DESCRIPTION OF THE TASK: From the first line of the records below through the line with "blk = doc.blocks.new('Dai", output each line exactly; skip the pictures.

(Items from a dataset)

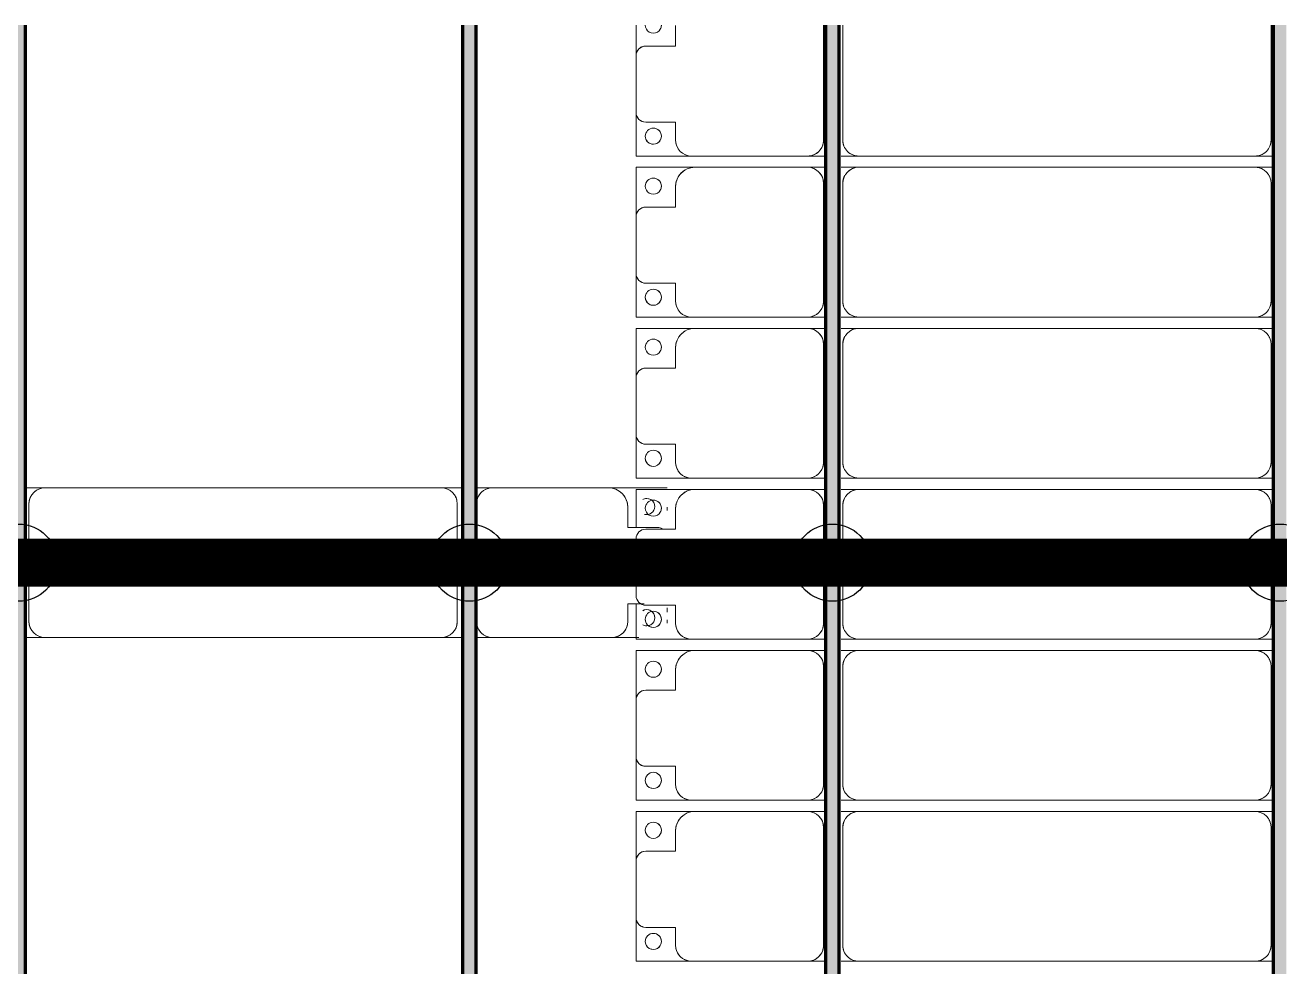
# Model space of a CAD drawing. Header units: millimetres. Extents: x -268744 to 115753, y -96240 to -10461.
# Drawn here: x -186944 to -183046, y -25571 to -22647 of the extents above; entities that cross this region are included whole.
import ezdxf

# ---------------------------------------------------------------- set-up
doc = ezdxf.new("R2010")
doc.units = ezdxf.units.MM
doc.layers.add('A-GENM', color=13, linetype='Continuous', lineweight=9)
doc.layers.add('S-BEAM', color=12, linetype='Continuous', lineweight=9)
doc.layers.add('GC-HOP 40x60 GIA CUONG', color=1, linetype='Continuous')

# ---------------------------------------------------------------- blocks, each defined once
blk = doc.blocks.new('Dai phao do pin - DẢI PHAO ĐỠ PIN-V23-KHUNG KẾT CẤU BÈ PIN 1')
at = {"layer": 'A-GENM', "color": 7}
for p, q in [((67087.6, 241.6), (67149.7, 241.6)), ((67087.6, 241.6), (67149.7, 241.6)), ((68380.3, 241.6), (67149.7, 241.6)), ((68380.3, 241.6), (68447.6, 241.6)), ((68380.3, 241.6), (68447.6, 241.6)), ((68487.6, 241.6), (68539.7, 241.6)), ((68487.6, 241.6), (68539.7, 241.6)), ((68899.7, 241.6), (68539.7, 241.6)), ((68899.7, 241.6), (69082.2, 241.6)), ((69082.2, 241.6), (68899.7, 241.6)), ((67099.7, 191.6), (67099.7, -173.4)), ((68430.3, -173.4), (68430.3, 191.6)), ((68489.7, 191.6), (68489.7, -173.4)), ((68959.7, 118.2), (68959.7, 181.6)), ((69082.2, 181.2), (69082.2, 170.6)), ((69082.2, 170.6), (69082.2, 181.2)), ((69052.2, 118.2), (68959.7, 118.2)), ((68959.7, -173.4), (68959.7, -118.2)), ((68959.7, -118.2), (69010.6, -118.2)), ((69082.2, -131.3), (69082.2, -144.7)), ((69082.2, -144.7), (69082.2, -131.3)), ((69082.2, -168), (69082.2, -178.9)), ((69082.2, -178.9), (69082.2, -168)), ((67149.7, -223.4), (67087.6, -223.4)), ((67149.7, -223.4), (67087.6, -223.4)), ((67149.7, -223.4), (68380.3, -223.4)), ((68447.6, -223.4), (68380.3, -223.4)), ((68447.6, -223.4), (68380.3, -223.4)), ((68539.7, -223.4), (68487.6, -223.4)), ((68539.7, -223.4), (68487.6, -223.4)), ((68539.7, -223.4), (68909.7, -223.4)), ((68993.6, -223.4), (68909.7, -223.4)), ((68909.7, -223.4), (68993.6, -223.4))]:
    blk.add_line(p, q, dxfattribs=at)
for centre, radius, start, end in [((67149.7, 191.6), 50, 90, 180), ((67149.7, 191.6), 50, 105, 135), ((68380.3, 191.6), 50, 360, 90), ((68380.3, 191.6), 50, 60, 90), ((68539.7, 191.6), 50, 90, 180), ((68539.7, 191.6), 50, 105, 180), ((68899.7, 181.6), 60, 360, 90), ((67149.7, 191.6), 50, 150, 180), ((68380.3, 191.6), 50, 15, 30), ((68899.7, 181.6), 60, 360, 60), ((69018.6, 183.2), 25, 0, 120), ((69018.6, 183.2), 25, 90, 120), ((69018.6, 183.2), 25, 0, 89.8669), ((69018.6, 183.2), 25, 255, 0), ((69018.6, 183.2), 25, 255, 0), ((69052.2, 88.2), 30, 60, 90), ((69018.6, -161.8), 25, 0, 120), ((69018.6, -161.8), 25, 105, 120), ((69018.6, -161.8), 25, 0, 89.8669), ((67149.7, -173.4), 50, 180, 270), ((67149.7, -173.4), 50, 180, 210), ((68380.3, -173.4), 50, 270, 0), ((68380.3, -173.4), 50, 330, 0), ((68539.7, -173.4), 50, 180, 270), ((68539.7, -173.4), 50, 180, 255), ((68909.7, -173.4), 50, 270, 360), ((68909.7, -173.4), 50, 285, 360), ((69018.6, -161.8), 25, 240, 0), ((69018.6, -161.8), 25, 240, 270), ((69018.6, -161.8), 25, 270.1331, 0), ((67149.7, -173.4), 50, 240, 270), ((68380.3, -173.4), 50, 285, 300)]:
    blk.add_arc(centre, radius, start, end, dxfattribs=at)
blk = doc.blocks.new('Dải phao đi lại kèm đỡ invester - DẢI PHAO ĐI LẠI-102783-KHUNG KẾT CẤU BÈ PIN 1')
at = {"layer": 'A-GENM', "color": 7}
for p, q in [((2723.4, 667.6), (2723.4, 610.3)), ((2723.4, 667.6), (2723.4, 610.3)), ((2758.4, 610.3), (2758.4, 667.6)), ((2758.4, 610.3), (2758.4, 667.6)), ((3223.4, 667.6), (3223.4, 610.3)), ((3223.4, 667.6), (3223.4, 610.3)), ((3258.4, 610.3), (3258.4, 667.6)), ((3258.4, 610.3), (3258.4, 667.6)), ((3723.4, 667.6), (3723.4, 610.3)), ((3723.4, 667.6), (3723.4, 610.3)), ((3758.4, 610.3), (3758.4, 667.6)), ((3758.4, 610.3), (3758.4, 667.6)), ((4223.4, 667.6), (4223.4, 610.3)), ((4223.4, 667.6), (4223.4, 610.3)), ((4258.4, 610.3), (4258.4, 667.6)), ((4258.4, 610.3), (4258.4, 667.6)), ((4723.4, 667.6), (4723.4, 610.3)), ((4723.4, 667.6), (4723.4, 610.3)), ((4758.4, 610.3), (4758.4, 667.6)), ((4758.4, 610.3), (4758.4, 667.6)), ((5223.4, 667.6), (5223.4, 610.3)), ((5223.4, 667.6), (5223.4, 610.3)), ((2673.4, 660.3), (2316.8, 660.3)), ((3173.4, 660.3), (2808.4, 660.3)), ((3673.4, 660.3), (3308.4, 660.3)), ((4173.4, 660.3), (3808.4, 660.3)), ((4673.4, 660.3), (4308.4, 660.3)), ((5173.4, 660.3), (4808.4, 660.3)), ((2723.4, -620.3), (2723.4, 610.3)), ((2758.4, 610.3), (2758.4, -620.3)), ((3223.4, -620.3), (3223.4, 610.3)), ((3258.4, 610.3), (3258.4, -620.3)), ((3723.4, -620.3), (3723.4, 610.3)), ((3758.4, 610.3), (3758.4, -620.3)), ((4223.4, -620.3), (4223.4, 610.3)), ((4258.4, 610.3), (4258.4, -620.3)), ((4723.4, -620.3), (4723.4, 610.3)), ((4758.4, 610.3), (4758.4, -620.3)), ((5223.4, -620.3), (5223.4, 610.3)), ((2723.4, -620.3), (2723.4, -674.8)), ((2723.4, -620.3), (2723.4, -674.8)), ((2758.4, -674.8), (2758.4, -620.3)), ((2758.4, -674.8), (2758.4, -620.3)), ((3223.4, -620.3), (3223.4, -674.8)), ((3223.4, -620.3), (3223.4, -674.8)), ((3258.4, -674.8), (3258.4, -620.3)), ((3258.4, -674.8), (3258.4, -620.3)), ((3723.4, -620.3), (3723.4, -674.8)), ((3723.4, -620.3), (3723.4, -674.8)), ((3758.4, -674.8), (3758.4, -620.3)), ((3758.4, -674.8), (3758.4, -620.3)), ((4223.4, -620.3), (4223.4, -674.8)), ((4223.4, -620.3), (4223.4, -674.8)), ((4258.4, -674.8), (4258.4, -620.3)), ((4258.4, -674.8), (4258.4, -620.3)), ((4723.4, -620.3), (4723.4, -674.8)), ((4723.4, -620.3), (4723.4, -674.8)), ((4758.4, -674.8), (4758.4, -620.3)), ((4758.4, -674.8), (4758.4, -620.3)), ((5223.4, -620.3), (5223.4, -674.8)), ((5223.4, -620.3), (5223.4, -674.8)), ((2316.8, -670.3), (2673.4, -670.3)), ((2808.4, -670.3), (3173.4, -670.3)), ((3308.4, -670.3), (3673.4, -670.3)), ((3808.4, -670.3), (4173.4, -670.3)), ((4308.4, -670.3), (4673.4, -670.3)), ((4808.4, -670.3), (5173.4, -670.3)), ((2673.4, -729.7), (2316.8, -729.7)), ((2723.4, -722.4), (2723.4, -779.7)), ((2723.4, -722.4), (2723.4, -779.7)), ((2758.4, -779.7), (2758.4, -722.4)), ((2758.4, -779.7), (2758.4, -722.4)), ((3173.4, -729.7), (2808.4, -729.7)), ((3223.4, -722.4), (3223.4, -779.7)), ((3223.4, -722.4), (3223.4, -779.7)), ((3258.4, -779.7), (3258.4, -722.4)), ((3258.4, -779.7), (3258.4, -722.4)), ((3673.4, -729.7), (3308.4, -729.7)), ((3723.4, -722.4), (3723.4, -779.7)), ((3723.4, -722.4), (3723.4, -779.7)), ((3758.4, -779.7), (3758.4, -722.4)), ((3758.4, -779.7), (3758.4, -722.4)), ((4173.4, -729.7), (3808.4, -729.7)), ((4223.4, -722.4), (4223.4, -779.7)), ((4223.4, -722.4), (4223.4, -779.7)), ((4258.4, -779.7), (4258.4, -722.4)), ((4258.4, -779.7), (4258.4, -722.4)), ((4673.4, -729.7), (4308.4, -729.7)), ((4723.4, -722.4), (4723.4, -779.7)), ((4723.4, -722.4), (4723.4, -779.7)), ((4758.4, -779.7), (4758.4, -722.4)), ((4758.4, -779.7), (4758.4, -722.4)), ((5173.4, -729.7), (4808.4, -729.7)), ((5223.4, -722.4), (5223.4, -779.7)), ((5223.4, -722.4), (5223.4, -779.7)), ((2723.4, -1139.7), (2723.4, -779.7)), ((2758.4, -779.7), (2758.4, -1129.7)), ((3223.4, -1139.7), (3223.4, -779.7)), ((3258.4, -779.7), (3258.4, -1129.7)), ((3723.4, -1139.7), (3723.4, -779.7)), ((3758.4, -779.7), (3758.4, -1129.7)), ((4223.4, -1139.7), (4223.4, -779.7)), ((4258.4, -779.7), (4258.4, -1129.7)), ((4723.4, -1139.7), (4723.4, -779.7)), ((4758.4, -779.7), (4758.4, -1129.7)), ((5223.4, -1139.7), (5223.4, -779.7)), ((2758.4, -1312.2), (2758.4, -1129.7)), ((2758.4, -1129.7), (2758.4, -1312.2)), ((3258.4, -1312.2), (3258.4, -1129.7)), ((3258.4, -1129.7), (3258.4, -1312.2)), ((3758.4, -1312.2), (3758.4, -1129.7)), ((3758.4, -1129.7), (3758.4, -1312.2)), ((4258.4, -1312.2), (4258.4, -1129.7)), ((4258.4, -1129.7), (4258.4, -1312.2)), ((4758.4, -1312.2), (4758.4, -1129.7)), ((4758.4, -1129.7), (4758.4, -1312.2)), ((2723.4, -1139.7), (2723.4, -1312.2)), ((2723.4, -1312.2), (2723.4, -1139.7)), ((3223.4, -1139.7), (3223.4, -1312.2)), ((3223.4, -1312.2), (3223.4, -1139.7)), ((3723.4, -1139.7), (3723.4, -1312.2)), ((3723.4, -1312.2), (3723.4, -1139.7)), ((4223.4, -1139.7), (4223.4, -1312.2)), ((4223.4, -1312.2), (4223.4, -1139.7)), ((4723.4, -1139.7), (4723.4, -1312.2)), ((4723.4, -1312.2), (4723.4, -1139.7)), ((5223.4, -1139.7), (5223.4, -1312.2)), ((5223.4, -1312.2), (5223.4, -1139.7)), ((2318.4, -1189.7), (2381.8, -1189.7)), ((2381.8, -1189.7), (2381.8, -1282.2)), ((2618.2, -1282.2), (2618.2, -1189.7)), ((2618.2, -1189.7), (2673.4, -1189.7)), ((2818.4, -1189.7), (2881.8, -1189.7)), ((2881.8, -1189.7), (2881.8, -1282.2)), ((3118.2, -1282.2), (3118.2, -1189.7)), ((3118.2, -1189.7), (3173.4, -1189.7)), ((3318.4, -1189.7), (3381.8, -1189.7)), ((3381.8, -1189.7), (3381.8, -1282.2)), ((3618.2, -1282.2), (3618.2, -1189.7)), ((3618.2, -1189.7), (3673.4, -1189.7)), ((3818.4, -1189.7), (3881.8, -1189.7)), ((3881.8, -1189.7), (3881.8, -1282.2)), ((4118.2, -1282.2), (4118.2, -1189.7)), ((4118.2, -1189.7), (4173.4, -1189.7)), ((4318.4, -1189.7), (4381.8, -1189.7)), ((4381.8, -1189.7), (4381.8, -1282.2)), ((4618.2, -1282.2), (4618.2, -1189.7)), ((4618.2, -1189.7), (4673.4, -1189.7)), ((4818.4, -1189.7), (4881.8, -1189.7)), ((4881.8, -1189.7), (4881.8, -1282.2)), ((5118.2, -1282.2), (5118.2, -1189.7)), ((5118.2, -1189.7), (5173.4, -1189.7)), ((2411.8, -1312.2), (2316.8, -1312.2)), ((2316.8, -1312.2), (2411.8, -1312.2)), ((2411.8, -1312.2), (2588.2, -1312.2)), ((2723.4, -1312.2), (2588.2, -1312.2)), ((2588.2, -1312.2), (2723.4, -1312.2)), ((2911.8, -1312.2), (2758.4, -1312.2)), ((2765.6, -1312.2), (2911.8, -1312.2)), ((2911.8, -1312.2), (3088.2, -1312.2)), ((3223.4, -1312.2), (3088.2, -1312.2)), ((3088.2, -1312.2), (3223.4, -1312.2)), ((3411.8, -1312.2), (3258.4, -1312.2)), ((3258.4, -1312.2), (3411.8, -1312.2)), ((3411.8, -1312.2), (3588.2, -1312.2)), ((3723.4, -1312.2), (3588.2, -1312.2)), ((3588.2, -1312.2), (3723.4, -1312.2)), ((3876.8, -1312.2), (3758.4, -1312.2)), ((3758.4, -1312.2), (3876.8, -1312.2)), ((3911.8, -1312.2), (4088.2, -1312.2)), ((4223.4, -1312.2), (4113.2, -1312.2)), ((4113.2, -1312.2), (4223.4, -1312.2)), ((4411.8, -1312.2), (4258.4, -1312.2)), ((4258.4, -1312.2), (4411.8, -1312.2)), ((4411.8, -1312.2), (4588.2, -1312.2)), ((4723.4, -1312.2), (4588.2, -1312.2)), ((4588.2, -1312.2), (4723.4, -1312.2)), ((4911.8, -1312.2), (4758.4, -1312.2)), ((4758.4, -1312.2), (4911.8, -1312.2)), ((4911.8, -1312.2), (5088.2, -1312.2)), ((5223.4, -1312.2), (5088.2, -1312.2)), ((5088.2, -1312.2), (5223.4, -1312.2))]:
    blk.add_line(p, q, dxfattribs=at)
for centre, radius, start, end in [((2673.4, 610.3), 50, 360, 90), ((2673.4, 610.3), 50, 60, 90), ((2673.4, 610.3), 50, 15, 30), ((2808.4, 610.3), 50, 90, 180), ((2808.4, 610.3), 50, 149.0031, 180), ((2808.4, 610.3), 50, 105, 120), ((3173.4, 610.3), 50, 360, 90), ((3173.4, 610.3), 50, 60, 90), ((3173.4, 610.3), 50, 15, 30), ((3308.4, 610.3), 50, 90, 180), ((3308.4, 610.3), 50, 150, 180), ((3308.4, 610.3), 50, 105, 120), ((3673.4, 610.3), 50, 360, 90), ((3673.4, 610.3), 50, 60, 90), ((3673.4, 610.3), 50, 15, 30), ((3808.4, 610.3), 50, 90, 180), ((3808.4, 610.3), 50, 150, 180), ((3808.4, 610.3), 50, 105, 120), ((4173.4, 610.3), 50, 360, 90), ((4173.4, 610.3), 50, 60, 90), ((4173.4, 610.3), 50, 15, 30), ((4308.4, 610.3), 50, 90, 180), ((4308.4, 610.3), 50, 150, 180), ((4308.4, 610.3), 50, 105, 120), ((4673.4, 610.3), 50, 360, 90), ((4673.4, 610.3), 50, 60, 90), ((4673.4, 610.3), 50, 15, 30), ((4808.4, 610.3), 50, 90, 180), ((4808.4, 610.3), 50, 150, 180), ((4808.4, 610.3), 50, 105, 120), ((5173.4, 610.3), 50, 360, 90), ((5173.4, 610.3), 50, 60, 90), ((5173.4, 610.3), 50, 15, 30), ((2673.4, -620.3), 50, 270, 0), ((2673.4, -620.3), 50, 330, 0), ((2808.4, -620.3), 50, 180, 270), ((3173.4, -620.3), 50, 270, 0), ((3173.4, -620.3), 50, 330, 0), ((3308.4, -620.3), 50, 180, 270), ((3673.4, -620.3), 50, 270, 0), ((3673.4, -620.3), 50, 330, 0), ((3808.4, -620.3), 50, 180, 270), ((4173.4, -620.3), 50, 270, 0), ((4173.4, -620.3), 50, 330, 0), ((4308.4, -620.3), 50, 180, 270), ((4673.4, -620.3), 50, 270, 0), ((4673.4, -620.3), 50, 330, 0), ((4808.4, -620.3), 50, 180, 270), ((5173.4, -620.3), 50, 270, 0), ((5173.4, -620.3), 50, 330, 0), ((2808.4, -620.3), 50, 195, 225), ((3308.4, -620.3), 50, 195, 225), ((3808.4, -620.3), 50, 195, 225), ((4308.4, -620.3), 50, 195, 225), ((4808.4, -620.3), 50, 195, 225), ((2673.4, -620.3), 50, 270, 300), ((2808.4, -620.3), 50, 240, 270), ((3173.4, -620.3), 50, 270, 300), ((3308.4, -620.3), 50, 240, 270), ((3673.4, -620.3), 50, 270, 300), ((3808.4, -620.3), 50, 240, 270), ((4173.4, -620.3), 50, 270, 300), ((4308.4, -620.3), 50, 240, 270), ((4673.4, -620.3), 50, 270, 300), ((4808.4, -620.3), 50, 240, 270), ((5173.4, -620.3), 50, 270, 300), ((2673.4, -779.7), 50, 360, 90), ((2673.4, -779.7), 50, 15, 90), ((2808.4, -779.7), 50, 90, 180), ((2808.4, -779.7), 50, 90, 165), ((3173.4, -779.7), 50, 360, 90), ((3173.4, -779.7), 50, 15, 90), ((3308.4, -779.7), 50, 90, 180), ((3308.4, -779.7), 50, 90, 165), ((3673.4, -779.7), 50, 360, 90), ((3673.4, -779.7), 50, 15, 90), ((3808.4, -779.7), 50, 90, 180), ((3808.4, -779.7), 50, 90, 165), ((4173.4, -779.7), 50, 360, 90), ((4173.4, -779.7), 50, 15, 90), ((4308.4, -779.7), 50, 90, 180), ((4308.4, -779.7), 50, 90, 165), ((4673.4, -779.7), 50, 360, 90), ((4673.4, -779.7), 50, 15, 90), ((4808.4, -779.7), 50, 90, 180), ((4808.4, -779.7), 50, 90, 165), ((5173.4, -779.7), 50, 360, 90), ((5173.4, -779.7), 50, 15, 90), ((2818.4, -1129.7), 60, 180, 270), ((3318.4, -1129.7), 60, 180, 270), ((3818.4, -1129.7), 60, 180, 270), ((4318.4, -1129.7), 60, 180, 270), ((4818.4, -1129.7), 60, 180, 270), ((2673.4, -1139.7), 50, 270, 360), ((2673.4, -1139.7), 50, 270, 345), ((2818.4, -1129.7), 60, 210, 270), ((3173.4, -1139.7), 50, 270, 360), ((3173.4, -1139.7), 50, 270, 345), ((3318.4, -1129.7), 60, 210, 270), ((3673.4, -1139.7), 50, 270, 360), ((3673.4, -1139.7), 50, 270, 345), ((3818.4, -1129.7), 60, 210, 270), ((4173.4, -1139.7), 50, 270, 360), ((4173.4, -1139.7), 50, 270, 345), ((4318.4, -1129.7), 60, 210, 270), ((4673.4, -1139.7), 50, 270, 360), ((4673.4, -1139.7), 50, 270, 345), ((4818.4, -1129.7), 60, 210, 270), ((5173.4, -1139.7), 50, 270, 360), ((5173.4, -1139.7), 50, 270, 345), ((2316.8, -1258.6), 25, 270, 90), ((2316.8, -1258.6), 25, 60, 90), ((2316.8, -1258.6), 25, 270, 30), ((2661.8, -1258.6), 25, 90, 270), ((2661.8, -1258.6), 25, 90, 165), ((2661.8, -1258.6), 25, 270, 90), ((2661.8, -1258.6), 25, 15, 90), ((2816.8, -1258.6), 25, 90, 270), ((2816.8, -1258.6), 25, 90, 165), ((2816.8, -1258.6), 25, 270, 90), ((2816.8, -1258.6), 25, 60, 90), ((2816.8, -1258.6), 25, 270, 30), ((3161.8, -1258.6), 25, 90, 270), ((3161.8, -1258.6), 25, 90, 165), ((3161.8, -1258.6), 25, 270, 90), ((3161.8, -1258.6), 25, 15, 90), ((3316.8, -1258.6), 25, 90, 270), ((3316.8, -1258.6), 25, 90, 165), ((3316.8, -1258.6), 25, 270, 90), ((3316.8, -1258.6), 25, 60, 90), ((3316.8, -1258.6), 25, 270, 30), ((3661.8, -1258.6), 25, 90, 270), ((3661.8, -1258.6), 25, 90, 165), ((3661.8, -1258.6), 25, 270, 90), ((3661.8, -1258.6), 25, 15, 90), ((3816.8, -1258.6), 25, 90, 270), ((3816.8, -1258.6), 25, 90, 165), ((3816.8, -1258.6), 25, 270, 90), ((3816.8, -1258.6), 25, 60, 90), ((3816.8, -1258.6), 25, 270, 30), ((4161.8, -1258.6), 25, 90, 270), ((4161.8, -1258.6), 25, 90, 165), ((4161.8, -1258.6), 25, 270, 90), ((4161.8, -1258.6), 25, 15, 90), ((4316.8, -1258.6), 25, 90, 270), ((4316.8, -1258.6), 25, 90, 165), ((4316.8, -1258.6), 25, 270, 90), ((4316.8, -1258.6), 25, 60, 90), ((4316.8, -1258.6), 25, 270, 30), ((4661.8, -1258.6), 25, 90, 270), ((4661.8, -1258.6), 25, 90, 165), ((4661.8, -1258.6), 25, 270, 90), ((4661.8, -1258.6), 25, 15, 90), ((4816.8, -1258.6), 25, 90, 270), ((4816.8, -1258.6), 25, 90, 165), ((4816.8, -1258.6), 25, 270, 90), ((4816.8, -1258.6), 25, 60, 90), ((4816.8, -1258.6), 25, 270, 30), ((5161.8, -1258.6), 25, 90, 270), ((5161.8, -1258.6), 25, 90, 165), ((5161.8, -1258.6), 25, 270, 90), ((5161.8, -1258.6), 25, 15, 90), ((2411.8, -1282.2), 30, 180, 270), ((2588.2, -1282.2), 30, 270, 0), ((2661.8, -1258.6), 25, 180, 270), ((2661.8, -1258.6), 25, 270, 0), ((2816.8, -1258.6), 25, 180, 270), ((2911.8, -1282.2), 30, 180, 270), ((3088.2, -1282.2), 30, 270, 0), ((3161.8, -1258.6), 25, 180, 270), ((3161.8, -1258.6), 25, 270, 0), ((3316.8, -1258.6), 25, 180, 270), ((3411.8, -1282.2), 30, 180, 270), ((3588.2, -1282.2), 30, 270, 0), ((3661.8, -1258.6), 25, 180, 270), ((3661.8, -1258.6), 25, 270, 360), ((3816.8, -1258.6), 25, 180, 270), ((3911.8, -1282.2), 30, 180, 270), ((4088.2, -1282.2), 30, 270, 0), ((4161.8, -1258.6), 25, 180, 270), ((4161.8, -1258.6), 25, 270, 0), ((4316.8, -1258.6), 25, 180, 270), ((4411.8, -1282.2), 30, 180, 270), ((4588.2, -1282.2), 30, 270, 0), ((4661.8, -1258.6), 25, 180, 270), ((4661.8, -1258.6), 25, 270, 360), ((4816.8, -1258.6), 25, 180, 270), ((4911.8, -1282.2), 30, 180, 270), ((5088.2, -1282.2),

REPLY TO THE EXERCISE:
# Model space of a CAD drawing. Header units: millimetres. Extents: x -268744 to 115753, y -96240 to -10461.
# Drawn here: x -186944 to -183046, y -25571 to -22647 of the extents above; entities that cross this region are included whole.
import ezdxf

# ---------------------------------------------------------------- set-up
doc = ezdxf.new("R2010")
doc.units = ezdxf.units.MM
doc.layers.add('A-GENM', color=13, linetype='Continuous', lineweight=9)
doc.layers.add('S-BEAM', color=12, linetype='Continuous', lineweight=9)
doc.layers.add('GC-HOP 40x60 GIA CUONG', color=1, linetype='Continuous')

# ---------------------------------------------------------------- blocks, each defined once
blk = doc.blocks.new('Dai phao do pin - DẢI PHAO ĐỠ PIN-V23-KHUNG KẾT CẤU BÈ PIN 1')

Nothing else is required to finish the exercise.